Before he became the butt of philosophical jokes, Karl Popper claimed to have conceived the method of falsification that in fact—again—dates back to Aristotle. It took several forms (naïve, methodological and sophisticated) as it proved very difficult indeed to stick up for and was battered by a succession of brutal critiques. In its basic form it was an attempt to avoid the problem of induction by suggesting that science could instead proceed in a deductive fashion: scientists would propose theories and then try to falsify them (i.e. show them to be wrong). A theory that had stood the test of many such attempts is a good one but may still be wrong; a theory that is falsified is discarded. On the other hand, a theory that cannot be falsified at all is thereby not scientific.

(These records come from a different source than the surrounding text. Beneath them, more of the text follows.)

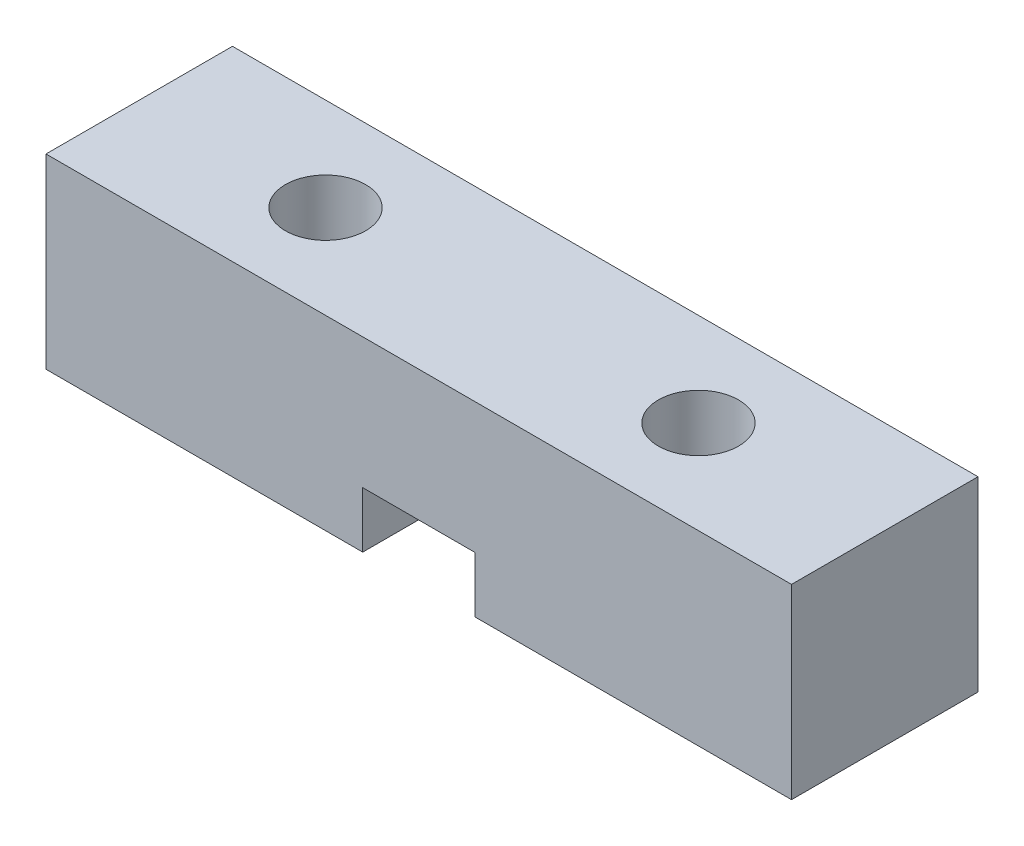
ISO-10303-21;
HEADER;
FILE_DESCRIPTION(('STEP AP214'),'2;1');
FILE_NAME('part.step','',(''),(''),'','','');
FILE_SCHEMA(('AUTOMOTIVE_DESIGN { 1 0 10303 214 1 1 1 1 }'));
ENDSEC;
DATA;
#1=APPLICATION_CONTEXT('core data for automotive mechanical design processes');
#2=APPLICATION_PROTOCOL_DEFINITION('international standard','automotive_design',2000,#1);
#3=PRODUCT_CONTEXT('',#1,'mechanical');
#4=PRODUCT('Part','Part','',(#3));
#5=PRODUCT_RELATED_PRODUCT_CATEGORY('part','',(#4));
#6=PRODUCT_DEFINITION_FORMATION('','',#4);
#7=PRODUCT_DEFINITION_CONTEXT('part definition',#1,'design');
#8=PRODUCT_DEFINITION('design','',#6,#7);
#9=PRODUCT_DEFINITION_SHAPE('','',#8);
#10=(LENGTH_UNIT() NAMED_UNIT(*) SI_UNIT(.MILLI.,.METRE.));
#11=(NAMED_UNIT(*) PLANE_ANGLE_UNIT() SI_UNIT($,.RADIAN.));
#12=(NAMED_UNIT(*) SI_UNIT($,.STERADIAN.) SOLID_ANGLE_UNIT());
#13=UNCERTAINTY_MEASURE_WITH_UNIT(LENGTH_MEASURE(1.E-05),#10,'distance_accuracy_value','');
#14=(GEOMETRIC_REPRESENTATION_CONTEXT(3) GLOBAL_UNCERTAINTY_ASSIGNED_CONTEXT((#13)) GLOBAL_UNIT_ASSIGNED_CONTEXT((#10,
#11,#12)) REPRESENTATION_CONTEXT('',''));
#15=CARTESIAN_POINT('',(0.,0.,0.));
#16=DIRECTION('',(0.,0.,1.));
#17=DIRECTION('',(1.,0.,0.));
#18=AXIS2_PLACEMENT_3D('',#15,#16,#17);
#19=CARTESIAN_POINT('',(0.,29.865,-10.));
#20=DIRECTION('',(0.,-1.,0.));
#21=DIRECTION('',(0.,0.,-1.));
#22=AXIS2_PLACEMENT_3D('',#19,#20,#21);
#23=PLANE('',#22);
#24=CARTESIAN_POINT('',(25.,29.865,-5.));
#25=DIRECTION('',(0.,-1.,0.));
#26=DIRECTION('',(0.,0.,-1.));
#27=AXIS2_PLACEMENT_3D('',#24,#25,#26);
#28=CIRCLE('',#27,2.15);
#29=CARTESIAN_POINT('',(25.,29.865,-7.15));
#30=VERTEX_POINT('',#29);
#31=EDGE_CURVE('E218',#30,#30,#28,.T.);
#32=ORIENTED_EDGE('',*,*,#31,.T.);
#33=EDGE_LOOP('',(#32));
#34=FACE_BOUND('',#33,.T.);
#35=CARTESIAN_POINT('',(45.,29.865,-5.));
#36=DIRECTION('',(0.,-1.,0.));
#37=DIRECTION('',(0.,0.,-1.));
#38=AXIS2_PLACEMENT_3D('',#35,#36,#37);
#39=CIRCLE('',#38,2.15);
#40=CARTESIAN_POINT('',(45.,29.865,-7.15));
#41=VERTEX_POINT('',#40);
#42=EDGE_CURVE('E139',#41,#41,#39,.T.);
#43=ORIENTED_EDGE('',*,*,#42,.T.);
#44=EDGE_LOOP('',(#43));
#45=FACE_BOUND('',#44,.T.);
#46=DIRECTION('',(1.,0.,0.));
#47=VECTOR('',#46,1.);
#48=CARTESIAN_POINT('',(0.,29.865,0.));
#49=LINE('',#48,#47);
#50=CARTESIAN_POINT('',(15.01,29.865,0.));
#51=VERTEX_POINT('',#50);
#52=CARTESIAN_POINT('',(54.99,29.865,0.));
#53=VERTEX_POINT('',#52);
#54=EDGE_CURVE('E136',#51,#53,#49,.T.);
#55=ORIENTED_EDGE('',*,*,#54,.T.);
#56=DIRECTION('',(0.,0.,1.));
#57=VECTOR('',#56,1.);
#58=CARTESIAN_POINT('',(54.99,29.865,-10.));
#59=LINE('',#58,#57);
#60=CARTESIAN_POINT('',(54.99,29.865,-10.));
#61=VERTEX_POINT('',#60);
#62=EDGE_CURVE('E11',#61,#53,#59,.T.);
#63=ORIENTED_EDGE('',*,*,#62,.F.);
#64=DIRECTION('',(1.,0.,0.));
#65=VECTOR('',#64,1.);
#66=CARTESIAN_POINT('',(0.,29.865,-10.));
#67=LINE('',#66,#65);
#68=CARTESIAN_POINT('',(15.01,29.865,-10.));
#69=VERTEX_POINT('',#68);
#70=EDGE_CURVE('E58',#69,#61,#67,.T.);
#71=ORIENTED_EDGE('',*,*,#70,.F.);
#72=DIRECTION('',(0.,0.,1.));
#73=VECTOR('',#72,1.);
#74=CARTESIAN_POINT('',(15.01,29.865,-10.));
#75=LINE('',#74,#73);
#76=EDGE_CURVE('E43',#69,#51,#75,.T.);
#77=ORIENTED_EDGE('',*,*,#76,.T.);
#78=EDGE_LOOP('',(#55,#63,#71,#77));
#79=FACE_BOUND('',#78,.T.);
#80=ADVANCED_FACE('F40',(#34,#45,#79),#23,.F.);
#81=CARTESIAN_POINT('',(54.99,0.,-10.));
#82=DIRECTION('',(1.,0.,0.));
#83=DIRECTION('',(0.,0.,-1.));
#84=AXIS2_PLACEMENT_3D('',#81,#82,#83);
#85=PLANE('',#84);
#86=DIRECTION('',(0.,1.,0.));
#87=VECTOR('',#86,1.);
#88=CARTESIAN_POINT('',(54.99,0.,0.));
#89=LINE('',#88,#87);
#90=CARTESIAN_POINT('',(54.99,19.865,0.));
#91=VERTEX_POINT('',#90);
#92=EDGE_CURVE('E151',#91,#53,#89,.T.);
#93=ORIENTED_EDGE('',*,*,#92,.F.);
#94=DIRECTION('',(0.,0.,1.));
#95=VECTOR('',#94,1.);
#96=CARTESIAN_POINT('',(54.99,19.865,-10.));
#97=LINE('',#96,#95);
#98=CARTESIAN_POINT('',(54.99,19.865,-10.));
#99=VERTEX_POINT('',#98);
#100=EDGE_CURVE('E49',#99,#91,#97,.T.);
#101=ORIENTED_EDGE('',*,*,#100,.F.);
#102=DIRECTION('',(0.,1.,0.));
#103=VECTOR('',#102,1.);
#104=CARTESIAN_POINT('',(54.99,0.,-10.));
#105=LINE('',#104,#103);
#106=EDGE_CURVE('E126',#99,#61,#105,.T.);
#107=ORIENTED_EDGE('',*,*,#106,.T.);
#108=ORIENTED_EDGE('',*,*,#62,.T.);
#109=EDGE_LOOP('',(#93,#101,#107,#108));
#110=FACE_BOUND('',#109,.T.);
#111=ADVANCED_FACE('F171',(#110),#85,.T.);
#112=CARTESIAN_POINT('',(0.,19.865,-10.));
#113=DIRECTION('',(0.,-1.,0.));
#114=DIRECTION('',(0.,0.,-1.));
#115=AXIS2_PLACEMENT_3D('',#112,#113,#114);
#116=PLANE('',#115);
#117=CARTESIAN_POINT('',(45.,19.865,-5.));
#118=DIRECTION('',(0.,-1.,0.));
#119=DIRECTION('',(0.,0.,-1.));
#120=AXIS2_PLACEMENT_3D('',#117,#118,#119);
#121=CIRCLE('',#120,2.15);
#122=CARTESIAN_POINT('',(45.,19.865,-7.15));
#123=VERTEX_POINT('',#122);
#124=EDGE_CURVE('E223',#123,#123,#121,.T.);
#125=ORIENTED_EDGE('',*,*,#124,.F.);
#126=EDGE_LOOP('',(#125));
#127=FACE_BOUND('',#126,.T.);
#128=DIRECTION('',(1.,0.,0.));
#129=VECTOR('',#128,1.);
#130=CARTESIAN_POINT('',(0.,19.865,0.));
#131=LINE('',#130,#129);
#132=CARTESIAN_POINT('',(38.005,19.865,0.));
#133=VERTEX_POINT('',#132);
#134=EDGE_CURVE('E114',#133,#91,#131,.T.);
#135=ORIENTED_EDGE('',*,*,#134,.F.);
#136=DIRECTION('',(0.,0.,1.));
#137=VECTOR('',#136,1.);
#138=CARTESIAN_POINT('',(38.005,19.865,-10.));
#139=LINE('',#138,#137);
#140=CARTESIAN_POINT('',(38.005,19.865,-10.));
#141=VERTEX_POINT('',#140);
#142=EDGE_CURVE('E110',#141,#133,#139,.T.);
#143=ORIENTED_EDGE('',*,*,#142,.F.);
#144=DIRECTION('',(1.,0.,0.));
#145=VECTOR('',#144,1.);
#146=CARTESIAN_POINT('',(0.,19.865,-10.));
#147=LINE('',#146,#145);
#148=EDGE_CURVE('E113',#141,#99,#147,.T.);
#149=ORIENTED_EDGE('',*,*,#148,.T.);
#150=ORIENTED_EDGE('',*,*,#100,.T.);
#151=EDGE_LOOP('',(#135,#143,#149,#150));
#152=FACE_BOUND('',#151,.T.);
#153=ADVANCED_FACE('F112',(#127,#152),#116,.T.);
#154=CARTESIAN_POINT('',(38.005,0.,-10.));
#155=DIRECTION('',(-1.,0.,0.));
#156=DIRECTION('',(0.,0.,1.));
#157=AXIS2_PLACEMENT_3D('',#154,#155,#156);
#158=PLANE('',#157);
#159=DIRECTION('',(0.,-1.,0.));
#160=VECTOR('',#159,1.);
#161=CARTESIAN_POINT('',(38.005,0.,0.));
#162=LINE('',#161,#160);
#163=CARTESIAN_POINT('',(38.005,22.86,0.));
#164=VERTEX_POINT('',#163);
#165=EDGE_CURVE('E148',#164,#133,#162,.T.);
#166=ORIENTED_EDGE('',*,*,#165,.F.);
#167=DIRECTION('',(0.,0.,1.));
#168=VECTOR('',#167,1.);
#169=CARTESIAN_POINT('',(38.005,22.86,-10.));
#170=LINE('',#169,#168);
#171=CARTESIAN_POINT('',(38.005,22.86,-10.));
#172=VERTEX_POINT('',#171);
#173=EDGE_CURVE('E119',#172,#164,#170,.T.);
#174=ORIENTED_EDGE('',*,*,#173,.F.);
#175=DIRECTION('',(0.,-1.,0.));
#176=VECTOR('',#175,1.);
#177=CARTESIAN_POINT('',(38.005,0.,-10.));
#178=LINE('',#177,#176);
#179=EDGE_CURVE('E124',#172,#141,#178,.T.);
#180=ORIENTED_EDGE('',*,*,#179,.T.);
#181=ORIENTED_EDGE('',*,*,#142,.T.);
#182=EDGE_LOOP('',(#166,#174,#180,#181));
#183=FACE_BOUND('',#182,.T.);
#184=ADVANCED_FACE('F128',(#183),#158,.T.);
#185=CARTESIAN_POINT('',(0.,22.86,-10.));
#186=DIRECTION('',(0.,-1.,0.));
#187=DIRECTION('',(0.,0.,-1.));
#188=AXIS2_PLACEMENT_3D('',#185,#186,#187);
#189=PLANE('',#188);
#190=DIRECTION('',(1.,0.,0.));
#191=VECTOR('',#190,1.);
#192=CARTESIAN_POINT('',(0.,22.86,0.));
#193=LINE('',#192,#191);
#194=CARTESIAN_POINT('',(31.995,22.86,0.));
#195=VERTEX_POINT('',#194);
#196=EDGE_CURVE('E145',#195,#164,#193,.T.);
#197=ORIENTED_EDGE('',*,*,#196,.F.);
#198=DIRECTION('',(0.,0.,1.));
#199=VECTOR('',#198,1.);
#200=CARTESIAN_POINT('',(31.995,22.86,-10.));
#201=LINE('',#200,#199);
#202=CARTESIAN_POINT('',(31.995,22.86,-10.));
#203=VERTEX_POINT('',#202);
#204=EDGE_CURVE('E156',#203,#195,#201,.T.);
#205=ORIENTED_EDGE('',*,*,#204,.F.);
#206=DIRECTION('',(1.,0.,0.));
#207=VECTOR('',#206,1.);
#208=CARTESIAN_POINT('',(0.,22.86,-10.));
#209=LINE('',#208,#207);
#210=EDGE_CURVE('E129',#203,#172,#209,.T.);
#211=ORIENTED_EDGE('',*,*,#210,.T.);
#212=ORIENTED_EDGE('',*,*,#173,.T.);
#213=EDGE_LOOP('',(#197,#205,#211,#212));
#214=FACE_BOUND('',#213,.T.);
#215=ADVANCED_FACE('F186',(#214),#189,.T.);
#216=CARTESIAN_POINT('',(31.995,0.,-10.));
#217=DIRECTION('',(-1.,0.,0.));
#218=DIRECTION('',(0.,0.,1.));
#219=AXIS2_PLACEMENT_3D('',#216,#217,#218);
#220=PLANE('',#219);
#221=DIRECTION('',(0.,-1.,0.));
#222=VECTOR('',#221,1.);
#223=CARTESIAN_POINT('',(31.995,0.,0.));
#224=LINE('',#223,#222);
#225=CARTESIAN_POINT('',(31.995,19.865,0.));
#226=VERTEX_POINT('',#225);
#227=EDGE_CURVE('E143',#195,#226,#224,.T.);
#228=ORIENTED_EDGE('',*,*,#227,.T.);
#229=DIRECTION('',(0.,0.,1.));
#230=VECTOR('',#229,1.);
#231=CARTESIAN_POINT('',(31.995,19.865,-10.));
#232=LINE('',#231,#230);
#233=CARTESIAN_POINT('',(31.995,19.865,-10.));
#234=VERTEX_POINT('',#233);
#235=EDGE_CURVE('E158',#234,#226,#232,.T.);
#236=ORIENTED_EDGE('',*,*,#235,.F.);
#237=DIRECTION('',(0.,-1.,0.));
#238=VECTOR('',#237,1.);
#239=CARTESIAN_POINT('',(31.995,0.,-10.));
#240=LINE('',#239,#238);
#241=EDGE_CURVE('E131',#203,#234,#240,.T.);
#242=ORIENTED_EDGE('',*,*,#241,.F.);
#243=ORIENTED_EDGE('',*,*,#204,.T.);
#244=EDGE_LOOP('',(#228,#236,#242,#243));
#245=FACE_BOUND('',#244,.T.);
#246=ADVANCED_FACE('F189',(#245),#220,.F.);
#247=CARTESIAN_POINT('',(0.,19.865,-10.));
#248=DIRECTION('',(0.,1.,0.));
#249=DIRECTION('',(0.,0.,1.));
#250=AXIS2_PLACEMENT_3D('',#247,#248,#249);
#251=PLANE('',#250);
#252=CARTESIAN_POINT('',(25.,19.865,-5.));
#253=DIRECTION('',(0.,-1.,0.));
#254=DIRECTION('',(0.,0.,-1.));
#255=AXIS2_PLACEMENT_3D('',#252,#253,#254);
#256=CIRCLE('',#255,2.15);
#257=CARTESIAN_POINT('',(25.,19.865,-7.15));
#258=VERTEX_POINT('',#257);
#259=EDGE_CURVE('E221',#258,#258,#256,.T.);
#260=ORIENTED_EDGE('',*,*,#259,.F.);
#261=EDGE_LOOP('',(#260));
#262=FACE_BOUND('',#261,.T.);
#263=DIRECTION('',(-1.,0.,0.));
#264=VECTOR('',#263,1.);
#265=CARTESIAN_POINT('',(0.,19.865,0.));
#266=LINE('',#265,#264);
#267=CARTESIAN_POINT('',(15.01,19.865,0.));
#268=VERTEX_POINT('',#267);
#269=EDGE_CURVE('E141',#226,#268,#266,.T.);
#270=ORIENTED_EDGE('',*,*,#269,.T.);
#271=DIRECTION('',(0.,0.,1.));
#272=VECTOR('',#271,1.);
#273=CARTESIAN_POINT('',(15.01,19.865,-10.));
#274=LINE('',#273,#272);
#275=CARTESIAN_POINT('',(15.01,19.865,-10.));
#276=VERTEX_POINT('',#275);
#277=EDGE_CURVE('E160',#276,#268,#274,.T.);
#278=ORIENTED_EDGE('',*,*,#277,.F.);
#279=DIRECTION('',(-1.,0.,0.));
#280=VECTOR('',#279,1.);
#281=CARTESIAN_POINT('',(0.,19.865,-10.));
#282=LINE('',#281,#280);
#283=EDGE_CURVE('E232',#234,#276,#282,.T.);
#284=ORIENTED_EDGE('',*,*,#283,.F.);
#285=ORIENTED_EDGE('',*,*,#235,.T.);
#286=EDGE_LOOP('',(#270,#278,#284,#285));
#287=FACE_BOUND('',#286,.T.);
#288=ADVANCED_FACE('F193',(#262,#287),#251,.F.);
#289=CARTESIAN_POINT('',(15.01,0.,-10.));
#290=DIRECTION('',(1.,0.,0.));
#291=DIRECTION('',(0.,0.,-1.));
#292=AXIS2_PLACEMENT_3D('',#289,#290,#291);
#293=PLANE('',#292);
#294=DIRECTION('',(0.,1.,0.));
#295=VECTOR('',#294,1.);
#296=CARTESIAN_POINT('',(15.01,0.,0.));
#297=LINE('',#296,#295);
#298=EDGE_CURVE('E138',#268,#51,#297,.T.);
#299=ORIENTED_EDGE('',*,*,#298,.T.);
#300=ORIENTED_EDGE('',*,*,#76,.F.);
#301=DIRECTION('',(0.,1.,0.));
#302=VECTOR('',#301,1.);
#303=CARTESIAN_POINT('',(15.01,0.,-10.));
#304=LINE('',#303,#302);
#305=EDGE_CURVE('E97',#276,#69,#304,.T.);
#306=ORIENTED_EDGE('',*,*,#305,.F.);
#307=ORIENTED_EDGE('',*,*,#277,.T.);
#308=EDGE_LOOP('',(#299,#300,#306,#307));
#309=FACE_BOUND('',#308,.T.);
#310=ADVANCED_FACE('F196',(#309),#293,.F.);
#311=CARTESIAN_POINT('',(0.,0.,-10.));
#312=DIRECTION('',(0.,0.,1.));
#313=DIRECTION('',(1.,0.,0.));
#314=AXIS2_PLACEMENT_3D('',#311,#312,#313);
#315=PLANE('',#314);
#316=ORIENTED_EDGE('',*,*,#70,.T.);
#317=ORIENTED_EDGE('',*,*,#106,.F.);
#318=ORIENTED_EDGE('',*,*,#148,.F.);
#319=ORIENTED_EDGE('',*,*,#179,.F.);
#320=ORIENTED_EDGE('',*,*,#210,.F.);
#321=ORIENTED_EDGE('',*,*,#241,.T.);
#322=ORIENTED_EDGE('',*,*,#283,.T.);
#323=ORIENTED_EDGE('',*,*,#305,.T.);
#324=EDGE_LOOP('',(#316,#317,#318,#319,#320,#321,#322,#323));
#325=FACE_BOUND('',#324,.T.);
#326=ADVANCED_FACE('F122',(#325),#315,.F.);
#327=CARTESIAN_POINT('',(0.,0.,0.));
#328=DIRECTION('',(0.,0.,1.));
#329=DIRECTION('',(1.,0.,0.));
#330=AXIS2_PLACEMENT_3D('',#327,#328,#329);
#331=PLANE('',#330);
#332=ORIENTED_EDGE('',*,*,#54,.F.);
#333=ORIENTED_EDGE('',*,*,#298,.F.);
#334=ORIENTED_EDGE('',*,*,#269,.F.);
#335=ORIENTED_EDGE('',*,*,#227,.F.);
#336=ORIENTED_EDGE('',*,*,#196,.T.);
#337=ORIENTED_EDGE('',*,*,#165,.T.);
#338=ORIENTED_EDGE('',*,*,#134,.T.);
#339=ORIENTED_EDGE('',*,*,#92,.T.);
#340=EDGE_LOOP('',(#332,#333,#334,#335,#336,#337,#338,#339));
#341=FACE_BOUND('',#340,.T.);
#342=ADVANCED_FACE('F169',(#341),#331,.T.);
#343=CARTESIAN_POINT('',(45.,19.865,-5.));
#344=DIRECTION('',(0.,-1.,0.));
#345=DIRECTION('',(0.,0.,-1.));
#346=AXIS2_PLACEMENT_3D('',#343,#344,#345);
#347=CYLINDRICAL_SURFACE('',#346,2.15);
#348=ORIENTED_EDGE('',*,*,#42,.F.);
#349=EDGE_LOOP('',(#348));
#350=FACE_BOUND('',#349,.T.);
#351=ORIENTED_EDGE('',*,*,#124,.T.);
#352=EDGE_LOOP('',(#351));
#353=FACE_BOUND('',#352,.T.);
#354=ADVANCED_FACE('F205',(#350,#353),#347,.F.);
#355=CARTESIAN_POINT('',(25.,19.865,-5.));
#356=DIRECTION('',(0.,-1.,0.));
#357=DIRECTION('',(0.,0.,-1.));
#358=AXIS2_PLACEMENT_3D('',#355,#356,#357);
#359=CYLINDRICAL_SURFACE('',#358,2.15);
#360=ORIENTED_EDGE('',*,*,#31,.F.);
#361=EDGE_LOOP('',(#360));
#362=FACE_BOUND('',#361,.T.);
#363=ORIENTED_EDGE('',*,*,#259,.T.);
#364=EDGE_LOOP('',(#363));
#365=FACE_BOUND('',#364,.T.);
#366=ADVANCED_FACE('F209',(#362,#365),#359,.F.);
#367=CLOSED_SHELL('',(#80,#111,#153,#184,#215,#246,#288,#310,#326,#342,#354,#366));
#368=MANIFOLD_SOLID_BREP('B2',#367);
#369=ADVANCED_BREP_SHAPE_REPRESENTATION('',(#18,#368),#14);
#370=SHAPE_DEFINITION_REPRESENTATION(#9,#369);
ENDSEC;
END-ISO-10303-21;

An uncharitable way to look at Popper is to ask if—in common with many philosophers of science—he neglected to check how scientists were actually working, but in fact he was suggesting a new way in which science was to be understood. Unfortunately his ideas were taken to task because very often theories are proposed that don't specify what would falsify them (perhaps they're at an early stage), or else are falsified but still clung to by scientists (Einstein is the paradigmatic example of both)—and why not? It may be that an experiment discovers an anomaly, not a falsification; also, what if the experiment was in error somewhere, or its consequences misunderstood? What if the theory was wrong but by clinging to it scientists found a way around the difficulty and thereby made it stronger? None of the possibilities that take place throughout the history of science are accounted for by Popper's ideas and hence falsification was eventually treated with some hostility.
Who needs method?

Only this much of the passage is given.